Ensuite, un modèle linéaire généralisé a été utilisé pour déterminer l'effet des « profils d'utilisation » des pesticides agricoles et des co-variables considérées sur l'incidence du cancer. L’incidence d’un type de cancer a été définie comme la variable dépendante, tandis que l’IVS, la prévalence du tabagisme, l’utilisation de terre agricoles, la population totale du comté et les schémas d’utilisation des pesticides agricoles ont été utilisés comme variables indépendantes.

Ces modèles ont fourni des estimations d'association pour chaque « profil d'utilisation » de pesticides agricoles, ce qui a permis de définir les régions présentant le risque « supplémentaire » de cancer le plus élevé et le plus faible. Cette approche a permis de calculer le « nombre de personnes supplémentaires » touchées par an par ces cancers et qui peut être attribué aux différences d'utilisation des pesticides agricoles. 

Le Midwest, grand producteur de maïs, serait la région la plus touchée 

Il est important de noter que ce modèle ne préjuge pas d’un lien de causalité et ne peut servir à une évaluation du risque individuel. Il a été élaboré pour identifier des tendances régionales entre des « profils d’utilisation » de pesticides et l’incidence de certains cancers. 

In fine, il apparait que la région la plus touchée par l'utilisation de pesticides serait le Midwest, une région caractérisée par une forte production de maïs. La différence entre la région de référence à risque le plus faible et la région à risque ajouté le plus élevé est de 154 541 cas de cancer (tous types) supplémentaires par an. S’agissant du cancer du côlon et du pancréas, cette différence a été estimée à 20 927 et 3 835 cas supplémentaires par an, respectivement. Les hémopathies malignes (leucémie et lymphome non hodgkinien) présentent des tendances similaires. 

L’effet des pesticides serait plus contributif que le tabagisme dans certains cancers

Le risque supplémentaire lié au tabagisme a été estimé dans les mêmes modèles et la différence de risque (lié aux pesticides versus au tabagisme) en pourcentage a été calculée. La différence d'effet la plus importante concernait le lymphome non hodgkinien, avec 154,1 % de cas supplémentaires causés par les pesticides par rapport au tabagisme ; tous les cancers, le cancer de la vessie et la leucémie présentaient des augmentations plus modestes de 18,7 %, 19,3 % et 21,0 %, respectivement. Ce résultat souligne l’importance de prendre en compte le profil d’utilisation de pesticides, au même titre que le tabagisme, dans les études épidémiologiques. 

Quelques limites à ce travail méritent d’être soulignée comme : des données manquantes de certains comtés, l’hétérogénéité de la taille et de la population des comtés, le manque de données sur les travailleurs saisonniers et migrants (susceptibles d’être fortement exposés), l’absence de validation des données par une source indépendante et l’impossibilité d’évaluer le risque individuel. 
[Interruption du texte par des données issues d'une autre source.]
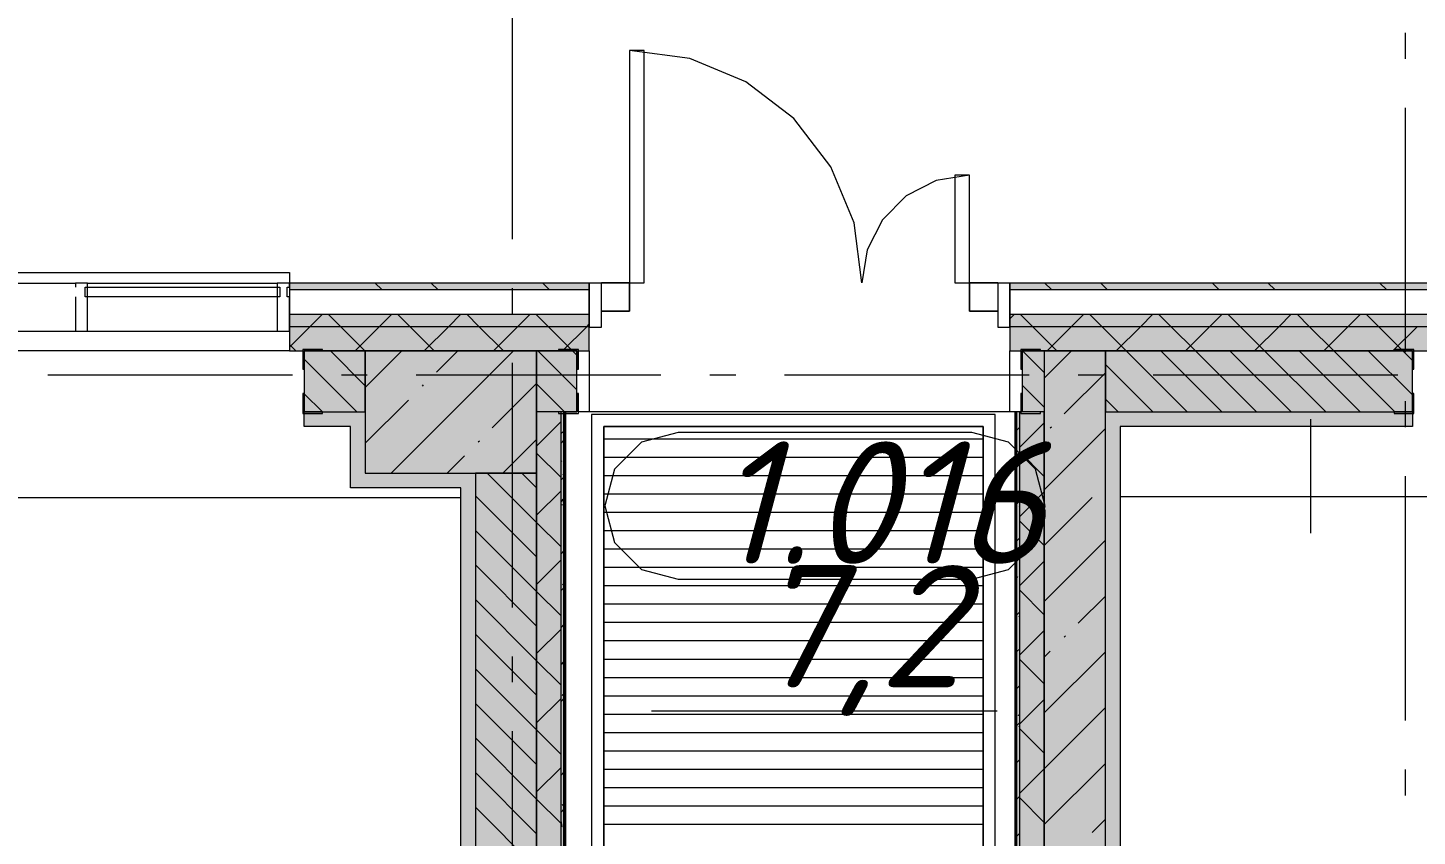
# Model space of a CAD drawing. Header units: millimetres. Extents: x -537608 to 253996, y -217170 to 186033.
# Drawn here: x -335456 to -329776, y -126384 to -123079 of the extents above; entities that cross this region are included whole.
import ezdxf

# ---------------------------------------------------------------- set-up
doc = ezdxf.new("R2010")
doc.units = ezdxf.units.MM
doc.layers.add('PDF _Геометрия', color=7, linetype='Continuous')
doc.layers.add('PDF _Текст', color=7, linetype='Continuous')
doc.layers.add('PDF _Сплошная заливка', color=7, linetype='Continuous', true_color=0xffffff)
doc.styles.add('PDF ISOCPEUR Italic', font='isocpeui.ttf')

msp = doc.modelspace()

# ---------------------------------------------------------------- hatches: boundary and pattern name
at = {"layer": 'PDF _Сплошная заливка', "transparency": 33554559}
h = msp.add_hatch(color=256, dxfattribs=at)
h.paths.add_polyline_path([(-333500.6785, -124149.6224), (-333373.1891, -124149.6224), (-333373.1891, -124122.6244), (-334386.1887, -124122.6244), (-334386.1887, -124149.6224), (-333922.3131, -124149.6224)], flags=0)
h.paths.add_polyline_path([(-340186.1972, -124149.6224), (-338986.1919, -124149.6224), (-338986.1919, -124122.6244), (-340186.1972, -124122.6244)], flags=0)
h.paths.add_polyline_path([(-336873.7558, -124149.6224), (-336086.1877, -124149.6224), (-336086.1877, -124122.6244), (-337286.193, -124122.6244), (-337286.193, -124149.6224)], flags=0)
h.paths.add_polyline_path([(-341933.3717, -124149.6224), (-341886.1961, -124149.6224), (-341886.1961, -124122.6244), (-342886.1919, -124122.6244), (-342886.1919, -124149.6224), (-342355.0063, -124149.6224)], flags=0)
h.paths.add_polyline_path([(-344884.8143, -124149.6224), (-344176.1907, -124149.6224), (-344176.1907, -124122.6244), (-345214.6986, -124122.6244), (-345214.6986, -124149.6224)], flags=0)
h.paths.add_polyline_path([(-346504.6974, -124149.6224), (-346504.6974, -124122.6244), (-356396.1983, -124122.6244), (-356396.1983, -124149.6224), (-346571.3529, -124149.6224)], flags=0)
h.paths.add_polyline_path([(-360416.204, -124149.6224), (-360416.204, -124122.6244), (-368503.2016, -124122.6244), (-368503.2016, -124149.6224), (-360906.9313, -124149.6224)], flags=0)
h = msp.add_hatch(color=256, dxfattribs=at)
h.paths.add_polyline_path([(-276766.1698, -124149.6224), (-276766.1698, -124122.6244), (-280081.5092, -124122.6244), (-280081.5092, -124149.6224), (-277423.2667, -124149.6224)], flags=0)
h.paths.add_polyline_path([(-281781.5102, -124149.6224), (-281781.5102, -124122.6244), (-282976.5099, -124122.6244), (-282976.5099, -124149.6224), (-282061.2479, -124149.6224)], flags=0)
h.paths.add_polyline_path([(-284676.511, -124149.6224), (-284676.511, -124122.6244), (-288766.5135, -124122.6244), (-288766.5135, -124149.6224), (-285012.6906, -124149.6224)], flags=0)
h.paths.add_polyline_path([(-290466.5125, -124149.6224), (-290466.5125, -124122.6244), (-317511.9667, -124122.6244), (-317511.9667, -124149.6224), (-290493.9411, -124149.6224)], flags=0)
h.paths.add_polyline_path([(-320851.6344, -124149.6224), (-319211.9699, -124149.6224), (-319211.9699, -124122.6244), (-321036.1857, -124122.6244), (-321036.1857, -124149.6224)], flags=0)
h.paths.add_polyline_path([(-322959.8077, -124149.6224), (-322736.1846, -124149.6224), (-322736.1846, -124122.6244), (-324536.1883, -124122.6244), (-324536.1883, -124149.6224), (-323803.077, -124149.6224)], flags=0)
h.paths.add_polyline_path([(-326236.1872, -124149.6224), (-326236.1872, -124122.6244), (-328036.1908, -124122.6244), (-328036.1908, -124149.6224), (-326332.885, -124149.6224)], flags=0)
h.paths.add_polyline_path([(-331441.1878, -124149.6224), (-329736.1897, -124149.6224), (-329736.1897, -124122.6244), (-331441.1878, -124122.6244)], flags=0)
h.paths.add_polyline_path([(-333161.192, -124149.6224), (-333161.192, -124122.6244), (-333373.1891, -124122.6244), (-333373.1891, -124149.6224)], flags=0)
h = msp.add_hatch(color=256, dxfattribs=at)
h.paths.add_polyline_path([(-333500.6785, -124299.6231), (-333373.1891, -124299.6231), (-333373.1891, -124249.6228), (-334386.1887, -124249.6228), (-334386.1887, -124299.6231), (-333922.3131, -124299.6231)], flags=0)
h.paths.add_polyline_path([(-336086.1877, -124299.6231), (-336086.1877, -124249.6228), (-337286.193, -124249.6228), (-337286.193, -124299.6231), (-336452.1211, -124299.6231)], flags=0)
h.paths.add_polyline_path([(-338986.1919, -124299.6231), (-338986.1919, -124249.6228), (-340186.1972, -124249.6228), (-340186.1972, -124299.6231), (-339825.1984, -124299.6231)], flags=0)
h.paths.add_polyline_path([(-341933.3717, -124299.6231), (-341886.1961, -124299.6231), (-341886.1961, -124249.6228), (-342886.1919, -124249.6228), (-342886.1919, -124299.6231), (-342355.0063, -124299.6231)], flags=0)
h.paths.add_polyline_path([(-344884.8143, -124299.6231), (-344176.1907, -124299.6231), (-344176.1907, -124249.6228), (-345214.6986, -124249.6228), (-345214.6986, -124299.6231)], flags=0)
h.paths.add_polyline_path([(-346571.3529, -124299.6231), (-346504.6974, -124299.6231), (-346504.6974, -124249.6228), (-356396.1983, -124249.6228), (-356396.1983, -124299.6231), (-347414.6222, -124299.6231)], flags=0)
h.paths.add_polyline_path([(-360906.9313, -124299.6231), (-360416.204, -124299.6231), (-360416.204, -124249.6228), (-368376.2031, -124249.6228), (-368376.2031, -124299.6231), (-361750.2006, -124299.6231)], flags=0)
h = msp.add_hatch(color=256, dxfattribs=at)
h.paths.add_polyline_path([(-277423.2667, -124299.6231), (-276766.1698, -124299.6231), (-276766.1698, -124249.6228), (-280081.5092, -124249.6228), (-280081.5092, -124299.6231), (-278266.536, -124299.6231)], flags=0)
h.paths.add_polyline_path([(-281781.5102, -124299.6231), (-281781.5102, -124249.6228), (-282976.5099, -124249.6228), (-282976.5099, -124299.6231), (-282061.2479, -124299.6231)], flags=0)
h.paths.add_polyline_path([(-284676.511, -124299.6231), (-284676.511, -124249.6228), (-288766.5135, -124249.6228), (-288766.5135, -124299.6231), (-285012.6906, -124299.6231)], flags=0)
h.paths.add_polyline_path([(-290493.9411, -124299.6231), (-290466.5125, -124299.6231), (-290466.5125, -124249.6228), (-317511.9667, -124249.6228), (-317511.9667, -124299.6231), (-290915.5758, -124299.6231)], flags=0)
h.paths.add_polyline_path([(-319211.9699, -124299.6231), (-319211.9699, -124249.6228), (-321036.1857, -124249.6228), (-321036.1857, -124299.6231), (-319586.7304, -124299.6231)], flags=0)
h.paths.add_polyline_path([(-326236.1872, -124299.6231), (-326236.1872, -124249.6228), (-328036.1908, -124249.6228), (-328036.1908, -124299.6231), (-326332.885, -124299.6231)], flags=0)
h.paths.add_polyline_path([(-322959.8077, -124299.6231), (-322736.1846, -124299.6231), (-322736.1846, -124249.6228), (-324536.1883, -124249.6228), (-324536.1883, -124299.6231), (-323803.077, -124299.6231)], flags=0)
h.paths.add_polyline_path([(-329736.1897, -124299.6231), (-329736.1897, -124249.6228), (-331441.1878, -124249.6228), (-331441.1878, -124299.6231), (-330127.5969, -124299.6231)], flags=0)
h.paths.add_polyline_path([(-333161.192, -124299.6231), (-333161.192, -124249.6228), (-333373.1891, -124249.6228), (-333373.1891, -124299.6231)], flags=0)
h = msp.add_hatch(color=256, dxfattribs=at)
h.paths.add_polyline_path([(-334343.9478, -124399.6235), (-333373.1891, -124399.6235), (-333373.1891, -124299.6231), (-334386.1887, -124299.6231), (-334386.1887, -124399.6235)], flags=0)
h.paths.add_polyline_path([(-336873.7558, -124399.6235), (-336086.1877, -124399.6235), (-336086.1877, -124299.6231), (-337286.193, -124299.6231), (-337286.193, -124399.6235)], flags=0)
h.paths.add_polyline_path([(-340186.1972, -124399.6235), (-338986.1919, -124399.6235), (-338986.1919, -124299.6231), (-340186.1972, -124299.6231), (-340186.1972, -124381.6032)], flags=0)
h.paths.add_polyline_path([(-342355.0063, -124399.6235), (-341886.1961, -124399.6235), (-341886.1961, -124299.6231), (-342886.1919, -124299.6231), (-342886.1919, -124399.6235)], flags=0)
h.paths.add_polyline_path([(-344884.8143, -124399.6235), (-344176.1907, -124399.6235), (-344176.1907, -124299.6231), (-345214.6986, -124299.6231), (-345214.6986, -124399.6235)], flags=0)
h.paths.add_polyline_path([(-346571.3529, -124399.6235), (-346504.6974, -124399.6235), (-346504.6974, -124299.6231), (-356396.1983, -124299.6231), (-356396.1983, -124399.6235), (-347414.6222, -124399.6235)], flags=0)
h.paths.add_polyline_path([(-360416.204, -124399.6235), (-360416.204, -124299.6231), (-368326.2029, -124299.6231), (-368326.2029, -124399.6235), (-360726.2037, -124399.6235)], flags=0)
h = msp.add_hatch(color=256, dxfattribs=at)
h.paths.add_polyline_path([(-276766.1698, -124399.6235), (-276766.1698, -124299.6231), (-280081.5092, -124299.6231), (-280081.5092, -124399.6235), (-277423.2667, -124399.6235)], flags=0)
h.paths.add_polyline_path([(-282482.8826, -124399.6235), (-281781.5102, -124399.6235), (-281781.5102, -124299.6231), (-282976.5099, -124299.6231), (-282976.5099, -124399.6235), (-282904.5172, -124399.6235)], flags=0)
h.paths.add_polyline_path([(-284676.511, -124399.6235), (-284676.511, -124299.6231), (-288766.5135, -124299.6231), (-288766.5135, -124399.6235), (-285012.6906, -124399.6235)], flags=0)
h.paths.add_polyline_path([(-290466.5125, -124399.6235), (-290466.5125, -124299.6231), (-317511.9667, -124299.6231), (-317511.9667, -124399.6235), (-290493.9411, -124399.6235)], flags=0)
h.paths.add_polyline_path([(-319211.9699, -124399.6235), (-319211.9699, -124299.6231), (-321036.1857, -124299.6231), (-321036.1857, -124399.6235), (-319586.7304, -124399.6235)], flags=0)
h.paths.add_polyline_path([(-323803.077, -124399.6235), (-322736.1846, -124399.6235), (-322736.1846, -124299.6231), (-324536.1883, -124299.6231), (-324536.1883, -124399.6235), (-324224.7117, -124399.6235)], flags=0)
h.paths.add_polyline_path([(-328036.1908, -124399.6235), (-326236.1872, -124399.6235), (-326236.1872, -124299.6231), (-328036.1908, -124299.6231)], flags=0)
h.paths.add_polyline_path([(-329736.1897, -124399.6235), (-329736.1897, -124299.6231), (-331441.1878, -124299.6231), (-331441.1878, -124399.6235), (-330127.5969, -124399.6235)], flags=0)
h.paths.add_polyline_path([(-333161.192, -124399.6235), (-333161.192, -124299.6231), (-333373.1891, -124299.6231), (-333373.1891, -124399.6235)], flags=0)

Un vaste champ de recherche

L’effet des pesticides sur la santé humaine est un vaste de champ de recherche qui fait, à juste titre, couler beaucoup d’encre. Elle souffre néanmoins d’une vision souvent centrée sur un nombre limité de pesticides et/ou un certain type de cancer. L’originalité de la présente étude est de proposer une approche holistique pour mettre en évidence des inégalités régionales et identifier des cibles de recherche (pesticides) moins fréquemment étudiés.

La recherche dans ce domaine est primordiale en raison de l’impact évident en santé publique. Les auteurs encouragent les autorités à communiquer sur ces données afin d’informer les communautés les plus vulnérables sur les risques encourus.